There's a huge difference between "causing interference to other signals" or
"managing [a hotel's] network in order to provide a secure and reliable Wi-Fi
service," and _willfully sending malicious packets designed to disable other
wireless networks._ The latter is buried in the text, but is what they are
asking for permission to do. It's somewhat unclear how such behavior is an FCC
interference issue rather than a criminal matter.

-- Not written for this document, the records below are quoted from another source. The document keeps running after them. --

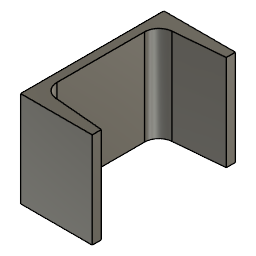
C-150×75×9×12.5 (Autodesk Fusion 360 design; units mm, degrees)
Autodesk Fusion 360 part; units mm, degrees
note: some values were not read from the file. Set by a fixed rule: which sketch regions a step uses.
sketch "スケッチ1" plane through (0, 0, 0) normal (0, 0, 1) x (1, 0, 0)
  line L0 (9, 120.8679) -> (9, 29.1321)
  line L1 (0, 150) -> (0, 0)
  line L2 (0, 0) -> (75, 0)
  line L3 (22.6927, 14.1892) -> (75, 9.6129)
  arc A0 (9, 29.1321) -> (22.6927, 14.1892) centre (24, 29.1321) ccw
  line L4 (75, 9.6129) -> (75, 0)
  line L5 (75, 140.3871) -> (22.6927, 135.8108)
  line L6 (0, 150) -> (75, 150)
  arc A1 (22.6927, 135.8108) -> (9, 120.8679) centre (24, 120.8679) ccw
  line L7 (75, 150) -> (75, 140.3871)
extrude "押し出し1" add sketch "スケッチ1" along normal blind 100
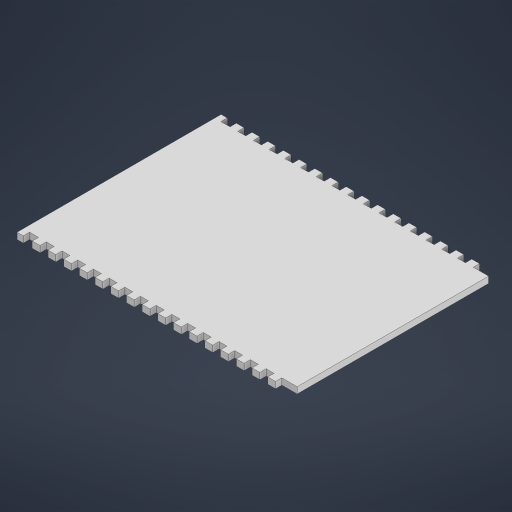
# Autodesk Inventor part: BodenWand
Saved by Autodesk Inventor 2023 (Build 270158030, 158C)
## iProperties
Created: 2022-06-21
Part Number: BodenWand
Material: Generic
Document SubType Name: Modeling
Designer: Simon
Density: 1 g/cm^3
Appearance: Default
Author: Simon
Autodesk Inventor part; units mm, degrees
ref_plane "YZ Plane" through (0, 0, 0) normal (1, 0, 0) x (0, 1, 0)
ref_plane "XZ Plane" through (0, 0, 0) normal (0, 1, 0) x (-1, 0, 0)
ref_plane "XY Plane" through (0, 0, 0) normal (0, 0, 1) x (1, 0, 0)
sketch "Sketch1" plane through (0, 0, 0) normal (0, 1, 0) x (-1, 0, 0)
  line L0 (9.7032, 0) -> (5.7032, 0)
  line L1 (5.7032, 0) -> (5.7032, -4)
  line L2 (5.7032, -4) -> (9.7032, -4)
  line L3 (9.7032, -4) -> (9.7032, 0)
  line L4 (0, 0) -> (-5, 0)
  line L5 (-5, 0) -> (-5, -4)
  line L6 (-5, -4) -> (0, -4)
  line L7 (0, -4) -> (0, 0)
  line L8 (-10, 0) -> (-15, 0)
  line L9 (-15, 0) -> (-15, -4)
  line L10 (-15, -4) -> (-10, -4)
  line L11 (-10, -4) -> (-10, 0)
  line L12 (-20, 0) -> (-25, 0)
  line L13 (-25, 0) -> (-25, -4)
  line L14 (-25, -4) -> (-20, -4)
  line L15 (-20, -4) -> (-20, 0)
  line L16 (-30, 0) -> (-35, 0)
  line L17 (-35, 0) -> (-35, -4)
  line L18 (-35, -4) -> (-30, -4)
  line L19 (-30, -4) -> (-30, 0)
  line L20 (-40, 0) -> (-45, 0)
  line L21 (-45, 0) -> (-45, -4)
  line L22 (-45, -4) -> (-40, -4)
  line L23 (-40, -4) -> (-40, 0)
  line L24 (-50, 0) -> (-55, 0)
  line L25 (-55, 0) -> (-55, -4)
  line L26 (-55, -4) -> (-50, -4)
  line L27 (-50, -4) -> (-50, 0)
  line L28 (-60, 0) -> (-65, 0)
  line L29 (-65, 0) -> (-65, -4)
  line L30 (-65, -4) -> (-60, -4)
  line L31 (-60, -4) -> (-60, 0)
  line L32 (-70, 0) -> (-75, 0)
  line L33 (-75, 0) -> (-75, -4)
  line L34 (-75, -4) -> (-70, -4)
  line L35 (-70, -4) -> (-70, 0)
  line L36 (-80, 0) -> (-85, 0)
  line L37 (-85, 0) -> (-85, -4)
  line L38 (-85, -4) -> (-80, -4)
  line L39 (-80, -4) -> (-80, 0)
  line L40 (-90, 0) -> (-95, 0)
  line L41 (-95, 0) -> (-95, -4)
  line L42 (-95, -4) -> (-90, -4)
  line L43 (-90, -4) -> (-90, 0)
  line L44 (-100, 0) -> (-105, 0)
  line L45 (-105, 0) -> (-105, -4)
  line L46 (-105, -4) -> (-100, -4)
  line L47 (-100, -4) -> (-100, 0)
  line L48 (-110, 0) -> (-115, 0)
  line L49 (-115, 0) -> (-115, -4)
  line L50 (-115, -4) -> (-110, -4)
  line L51 (-110, -4) -> (-110, 0)
  line L52 (-120, 0) -> (-125, 0)
  line L53 (-125, 0) -> (-125, -4)
  line L54 (-125, -4) -> (-120, -4)
  line L55 (-120, -4) -> (-120, 0)
  line L56 (-130, 0) -> (-135, 0)
  line L57 (-135, 0) -> (-135, -4)
  line L58 (-135, -4) -> (-130, -4)
  line L59 (-130, -4) -> (-130, 0)
  line L60 (-140, 0) -> (-145, 0)
  line L61 (-145, 0) -> (-145, -4)
  line L62 (-145, -4) -> (-140, -4)
  line L63 (-140, -4) -> (-140, 0)
  line L64 (-150, 0) -> (-155, 0)
  line L65 (-155, 0) -> (-155, -4)
  line L66 (-155, -4) -> (-150, -4)
  line L67 (-150, -4) -> (-150, 0)
  line L68 (0, -65) -> (-164, -65)
  line L69 (-164, -65) -> (-164, -4)
  line L70 (-164, -4) -> (0, -4)
  line L71 (0, -65) -> (9.7032, -65)
  line L72 (9.7032, -65) -> (9.7032, -4)
  line L73 (9.7032, -4) -> (0, -4)
  dimension "d4" = 5
  dimension "d5" = 4
  dimension "d6" = 10
  constraints: 146 end point, 6 horizontal, 5 parallel, 4 perpendicular, 1 collinear, 122 other
  measures "d4" distance of L6.end L5.end
  measures "d5" distance of L5.end L4.end
  measures "d6" distance of L5.end L9.end
extrude "Extrusion1" add sketch "Sketch1" along normal blind 4
move faces "Move1" translate (0.75, 0, 0) faces at (164, 1.3333, -24.3333)
mirror "Mirror1" about plane through (164, 0, -65) normal (0, 0, -1) of "Extrusion1"
move faces "Move2" translate (0.75, 0, 0) faces at (164, 1.3333, -105.6667)
body "Solid1"

It's amazing that this is compared to "a homeowner using her cordless
telephone that interferes with a neighbor's phone" and "a housewife whose use
of a baby monitor device causes interference to a neighbor's garage door
opener."

It does lead to an interesting question: if seeing a wireless network, which
an automated system will _not_ be able to confirm is actually on their
property (consider the plight of nearby homes and businesses!), constitutes a
threat that can be attacked, is it allowable for an adjoining property owner,
or a guest with a wireless network, to see the hotel's network as a threat,
and attack it in the same way?

The "alternatives" that hotels might be forced to implement if hotels aren't
allowed to attack other networks are similarly entertaining:

>For example, a hotel could decide to prohibit guests from bringing Part 15
devices on the hotel's property. Alternatively, a hotel could limit the areas
where Part 15 devices may be used, for example, by restricting their use to
guest rooms or common areas.

I would love to see any hotel attempt this, even for one day.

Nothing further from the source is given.